I think Cunningham is often used for complete restorations or complicated restorations. Joe Bell does beautiful paint work but I don't know if he undertakes complicated restorations...??? I've heard of many people that have been completely satisfied with Cunningham but there have also been a number of dissatisfied customers.


----------



## moschika (Feb 1, 2004)

ciclisto said:


> Joe Bell is the "POPE" of painters *all else is second string*... I live in san diego and go there , there is not a better painter,, why do you think Kirk, Sachs use him.. My first JB paint job was on a custom Holland steel - same building- 23 years later it looks brand new and I use it all the time and live on the ocean. he did a Merckx for me two years ago, both in pearl white.. stunning stuff...he his humble. honest and loves this work.. a no bullshit guy you can trust... and it will cost you and you will like it.


i don't know if i'ld go that far.  brian bayliss was/is a good painter, noah's work as i've recommended before is really tops, and there have been a few others mentioned here. not to take away from JB in any way, but there are many first string painters around.  there's also a guy in the San Jose area that does a lot of local builders paint jobs, and has been for a while, but i can't remember his name.


----------



## Special Eyes (Feb 2, 2011)

Have you tried using the telephone?


----------



## atpjunkie (Mar 23, 2002)

I worked next door to them for 3-4 years
never had an issue with them though they are a bit old school
try the phone maybe


----------



## 79hurstoldsdr (Mar 4, 2011)

*cyclart*

Sorry to hear about your problems with Cyclart. I sent my Grandis frame to them in the middle of October. They never reply to my emails, i have to call them. I have been calling for a month and they tell me there waiting on decals. They say they make the decals. At the start they told me 3 months and it been about 5 months and no completion date in sight ,plus when my wife or get the chance to speak with someone they are very rude. I feel your pain.

Ken


----------



## rhauft (Aug 8, 2006)

moschika said:


> there's also a guy in the San Jose area that does a lot of local builders paint jobs, and has been for a while, but i can't remember his name.
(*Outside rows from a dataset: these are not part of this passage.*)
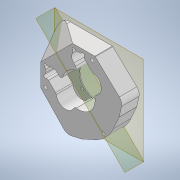
# Autodesk Inventor part: upper
Saved by Autodesk Inventor 2022 (Build 260153000, 153)
## iProperties
Created: 2022-03-17
Part Number: upper
Material: Generic
Document SubType Name: Modeling
Designer: zac-h
Density: 1 g/cm^3
Appearance: Default
Author: zac-h
Autodesk Inventor part; units mm, degrees
ref_plane "YZ Plane" through (0, 0, 0) normal (1, 0, 0) x (0, 1, 0)
ref_plane "XZ Plane" through (0, 0, 0) normal (0, 1, 0) x (-1, 0, 0)
ref_plane "XY Plane" through (0, 0, 0) normal (0, 0, 1) x (1, 0, 0)
ref_plane "Work Plane1" through (0, 0, 0) normal (0, 0, 1) x (1, 0, 0)
sketch "Sketch1" plane through (0, 0, 0) normal (0, 0, 1) x (1, 0, 0)
  line L0 (54.6745, 14.0094) -> (51.6007, 0.0667) projected
  arc A0 (54.6745, 14.0094) -> (51.7087, 23.6992) centre (44.6112, 16.228) ccw projected
  line L1 (19.1376, 54.6412) -> (51.7087, 23.6992) projected
  arc A1 (19.1376, 54.6412) -> (18.4488, 54.9162) centre (18.4488, 53.9162) ccw projected
  line L2 (-38.4967, 54.9162) -> (18.4488, 54.9162) projected
  arc A2 (-38.4967, 54.9162) -> (-54.9162, 38.4967) centre (-38.4967, 38.4967) ccw projected
  line L3 (-54.9162, -18.4488) -> (-54.9162, 38.4967) projected
  arc A3 (-54.9162, -18.4488) -> (-54.6412, -19.1376) centre (-53.9162, -18.4488) ccw projected
  line L4 (-23.6992, -51.7087) -> (-54.6412, -19.1376) projected
  arc A4 (-23.6992, -51.7087) -> (-14.0094, -54.6745) centre (-16.228, -44.6112) ccw projected
  line L5 (-0.0667, -51.6007) -> (-14.0094, -54.6745) projected
  arc A5 (-0.0667, -51.6007) -> (0.1266, -51.5369) centre (-0.282, -50.6241) ccw projected
  line L6 (17.6889, -43.6752) -> (0.1266, -51.5369) projected
  arc A6 (17.6889, -43.6752) -> (43.6752, -17.6889) centre (-3.3712, 3.3712) ccw projected
  line L7 (51.5369, -0.1266) -> (43.6752, -17.6889) projected
  arc A7 (51.5369, -0.1266) -> (51.6007, 0.0667) centre (50.6241, 0.282) ccw projected
  circle A8 centre (-3.3712, 3.3712) radius 39.37 projected
  circle A9 centre (-48.5312, 10.4312) radius 2.132 projected
  circle A10 centre (-48.5312, -2.2688) radius 2.132 projected
  circle A11 centre (-48.5312, -14.9688) radius 2.132 projected
  circle A12 centre (-10.4312, 48.5312) radius 2.132 projected
  circle A13 centre (2.2688, 48.5312) radius 2.132 projected
  circle A14 centre (14.9688, 48.5312) radius 2.132 projected
  circle A15 centre (30.3259, -30.3259) radius 2.132 projected
  circle A16 centre (-3.3712, 3.3712) radius 22.225
  line L8 (-3.3712, 3.3712) -> (14.5893, 21.3317) construction
  line L9 (-3.3712, 3.3712) -> (22.0288, 3.3712) construction
  circle A17 centre (14.5893, 21.3317) radius 2.132
  circle A18 centre (-21.3317, -14.5893) radius 2.132
  point P0 (0, 0)
  dimension "d0" = 44.45
  dimension "d1" = 25.4
  dimension "d2" = 45
  dimension "d3" = 4.264
  dimension "d6" = 360
  constraints: 4 end point, 3 centre point, 2 coincident, 1 equal length, 1 horizontal, 5 other
  measures "d0" diameter of A16
  measures "d1" distance of L8.start L8.end
  measures "d2" angle of L9 L8
  measures "d3" diameter of A17
extrude "Extrusion1" add sketch "Sketch1" along normal blind 1.2 contours L0 A7 L7 A6 L6 A5 L5 A4 L4 A3 L3 A2 L2 A1 L1 A0 | A8
sketch "Sketch2" plane through (0, 0, 1.2) normal (0, 0, 1) x (1, 0, 0)
  line L0 (18.4488, 54.9162) -> (-38.4967, 54.9162) projected
  arc A0 (-38.4967, 54.9162) -> (-54.9162, 38.4967) centre (-38.4967, 38.4967) ccw projected
  line L1 (-54.9162, 38.4967) -> (-54.9162, -18.4488) projected
  arc A1 (-54.9162, -18.4488) -> (-54.6412, -19.1376) centre (-53.9162, -18.4488) ccw projected
  line L2 (-54.6412, -19.1376) -> (-23.6992, -51.7087) projected
  arc A2 (-23.6992, -51.7087) -> (-14.0094, -54.6745) centre (-16.228, -44.6112) ccw projected
  line L3 (-14.0094, -54.6745) -> (-0.0667, -51.6007) projected
  arc A3 (-0.0667, -51.6007) -> (0.1266, -51.5369) centre (-0.282, -50.6241) ccw projected
  line L4 (0.1266, -51.5369) -> (17.6889, -43.6752) projected
  arc A4 (17.6889, -43.6752) -> (43.6752, -17.6889) centre (-3.3712, 3.3712) ccw projected
  line L5 (43.6752, -17.6889) -> (51.5369, -0.1266) projected
  arc A5 (51.5369, -0.1266) -> (51.6007, 0.0667) centre (50.6241, 0.282) ccw projected
  line L6 (51.6007, 0.0667) -> (54.6745, 14.0094) projected
  arc A6 (54.6745, 14.0094) -> (51.7087, 23.6992) centre (44.6112, 16.228) ccw projected
  line L7 (51.7087, 23.6992) -> (19.1376, 54.6412) projected
  arc A7 (19.1376, 54.6412) -> (18.4488, 54.9162) centre (18.4488, 53.9162) ccw projected
  circle A8 centre (30.3259, -30.3259) radius 2.132 projected
  circle A9 centre (14.9688, 48.5312) radius 2.132 projected
  circle A10 centre (2.2688, 48.5312) radius 2.132 projected
  circle A11 centre (-10.4312, 48.5312) radius 2.132 projected
  circle A12 centre (-48.5312, -14.9688) radius 2.132 projected
  circle A13 centre (-48.5312, -2.2688) radius 2.132 projected
  circle A14 centre (-48.5312, 10.4312) radius 2.132 projected
  circle A15 centre (-21.3317, -14.5893) radius 2.132 projected
  circle A16 centre (14.5893, 21.3317) radius 2.132 projected
  circle A17 centre (-3.3712, 3.3712) radius 22.225 projected
  circle A18 centre (14.5893, 21.3317) radius 2.132 projected
  circle A19 centre (14.5893, 21.3317) radius 12.7
  circle A20 centre (-21.3317, -14.5893) radius 12.7
  line L8 (14.5893, 21.3317) -> (-3.3712, 39.2922) construction
  line L9 (21.3245, 28.0669) -> (3.364, 46.0274)
  line L10 (-10.1064, 32.557) -> (7.8541, 14.5965)
  arc A21 (7.8541, 14.5965) -> (21.3245, 28.0669) centre (14.5893, 21.3317) ccw
  arc A22 (3.364, 46.0274) -> (-10.1064, 32.557) centre (-3.3712, 39.2922) ccw
  line L11 (14.5893, 21.3317) -> (39.9893, 21.3317) construction
  circle A23 centre (-21.3317, -14.5893) radius 2.132 projected
  line L12 (-21.3317, -14.5893) -> (-39.2922, 3.3712) construction
  line L13 (-14.5965, -7.8541) -> (-32.557, 10.1064)
  line L14 (-46.0274, -3.364) -> (-28.0669, -21.3245)
  arc A24 (-28.0669, -21.3245) -> (-14.5965, -7.8541) centre (-21.3317, -14.5893) ccw
  arc A25 (-32.557, 10.1064) -> (-46.0274, -3.364) centre (-39.2922, 3.3712) ccw
  line L15 (-21.3317, -14.5893) -> (4.0683, -14.5893) construction
  point P0 (0, 0)
  point P1 (5.6091, 30.312)
  point P2 (-30.312, -5.6091)
  point P3 (-46.6625, 9.4048)
  point P4 (-25.595, 3.1444)
  point P5 (-3.1444, 25.595)
  point P6 (-9.4048, 46.6625)
  point P7 (-8.8978, 47.0499)
  point P8 (0.1744, 48.1327)
  point P9 (2.8716, 46.4862)
  point P10 (15.3846, 34.0068)
  point P11 (18.096, 9.1254)
  point P12 (-9.1254, -18.096)
  point P13 (-34.0068, -15.3846)
  point P14 (-46.4862, -2.8716)
  point P15 (-48.1327, -0.1744)
  point P16 (-47.0499, 8.8978)
  dimension "d10" = 25.4
  dimension "d11" = 25.4
  dimension "d12" = 135
  dimension "d13" = 19.05
  dimension "d14" = 25.4
  dimension "d15" = 135
  constraints: 20 end point, 8 point on circle, 8 tangent, 6 centre point, 2 coincident, 2 equal length, 2 equal radius, 2 horizontal, 2 midpoint, 2 parallel
  measures "d10" diameter of A19
  measures "d11" distance of L8.start L8.end
  measures "d12" angle of L11 L8
  measures "d13" diameter of A22
  measures "d14" distance of L12.start L12.end
  measures "d15" angle of L15 L12
extrude "Extrusion2" add sketch "Sketch2" along normal blind 22.606 contours A7 L7 A6 L6 A5 L5 A4 L4 A3 L3 A2 L2 A1 L1 A0 L0
fillet "Fillet1" radius 3.175 14 edges at (0.1744, 48.1327, 12.503) (2.8716, 46.4862, 12.503) (-3.1444, 25.595, 12.503) (15.3846, 34.0068, 12.503) (18.096, 9.1254, 12.503) (-9.1254, -18.096, 12.503) (-34.0068, -15.3846, 12.503) (-46.4862, -2.8716, 12.503) (-48.1327, -0.1744, 12.503) (-25.595, 3.1444, 12.503) (-9.4048, 46.6625, 12.503) (-8.8978, 47.0499, 12.503) (-47.0499, 8.8978, 12.503) (-46.6625, 9.4048, 12.503)
ref_plane "Work Plane2" through (-1455.9157, 1455.9157, 0) normal (-0.7071068, -0.7071068, 0) x (0, 0, 1)
sketch "Sketch3" plane through (-1455.9157, 1455.9157, 0) normal (-0.7071068, -0.7071068, 0) x (0, 0, 1)
  line L0 (0, -1992.9228) -> (0, -1988.1137) projected
  line L1 (0, -1988.1137) -> (23.806, -2011.9197)
  line L2 (23.806, -1992.9228) -> (23.806, -2033.1894) projected
  line L3 (0, -1988.1137) -> (33.6668, -1988.1137) construction
  line L4 (23.806, -2011.9197) -> (23.806, -1988.1137)
  line L5 (23.806, -2015.151) -> (0, -2015.151) projected
  line L6 (23.806, -1988.1137) -> (0, -1988.1137)
  line L7 (0, -1988.1137) -> (23.806, -1988.1137) projected
  point P0 (0, -2058.9757)
  dimension "d19" = 45
  constraints: 8 end point, 1 collinear, 1 equal length, 1 horizontal, 1 perpendicular, 1 point on line
  measures "d19" angle of L1 L3
extrude "Extrusion3" cut sketch "Sketch3" along normal through all both and the other way through all
body "Solid1"

Joes Bicycle Painting - Joe Vasquez is one of the best and he's fast (relatively speaking). Weeks, not months. Located next to Calfee Design, in Watsonville CA, does all their paintwork. Can repair Carbon but not mettle.


----------



## atpjunkie (Mar 23, 2002)

and folks, if you are looking for options, contact Allan Wanta. Nice work, doesn't cost an arm and a leg


----------



## ciclisto (Nov 8, 2005)

why deal with people like this I do not understand there are better nicer painters end of story -end of cycleart.


----------



## Quattro_Assi_07 (Jan 13, 2006)

*Update 3-3-2011*



79hurstoldsdr said:


> Sorry to hear about your problems with Cyclart. I sent my Grandis frame to them in the middle of October. They never reply to my emails, i have to call them. I have been calling for a month and they tell me there waiting on decals. They say they make the decals. At the start they told me 3 months and it been about 5 months and no completion date in sight ,plus when my wife or get the chance to speak with someone they are very rude. I feel your pain.
> 
> Ken


Well, they sent me my frame back after doing the chrome work only. That took 4 months and they couldn't even tell me when the paint work was to begin. They originally told me the job would take 3 months. I have yet to actually see how it turned out as I am in Boulder right now and getting some nice rides in the beautiful weather they are having here. Hopefully since they farm the chroming out, it will be good. Now at least I can work on getting a good paint job without all the attitude and drama. All I can recommend at this point is for you to cancel the job and take your business elsewhere. I am in the process of filing an internet fraud case with these bandits and will do my best to steer others away as long as they are doing business. It is the least that I could do for the cycling community.

Hope it works out for you.

James


----------



## FatTireFred (Jan 31, 2005)

bell, spectrum, and airglow would be the bigs ones imo


----------



## High Gear (Mar 9, 2002)

This guy is great. He stripped my LOOK KG281 down to the bare carbon and did a front and rear paint fading to clear in the middle. Very happy. Prices are great too.

http://www.joesbicyclepainting.com/


----------



## Lotophage (Feb 19, 2011)

FatTireFred said:


> bell, spectrum, and airglow would be the bigs ones imo


I've had similar issues with Airglow- promised in 2 months, delivered in 5, price way higher than estimate, wrong decals, really bad communication by phone or email... This was 10 years ago but I'd never work with them again.

Spectrum did a fantastic job on my custom frame. Can't say enough good things about them.


----------



## Genshammer (Mar 24, 2011)

*Another vote for JB*

Another plug for Joe Bell. A legend in the bike industry. Been at it a long time and his quality is impeccable.


----------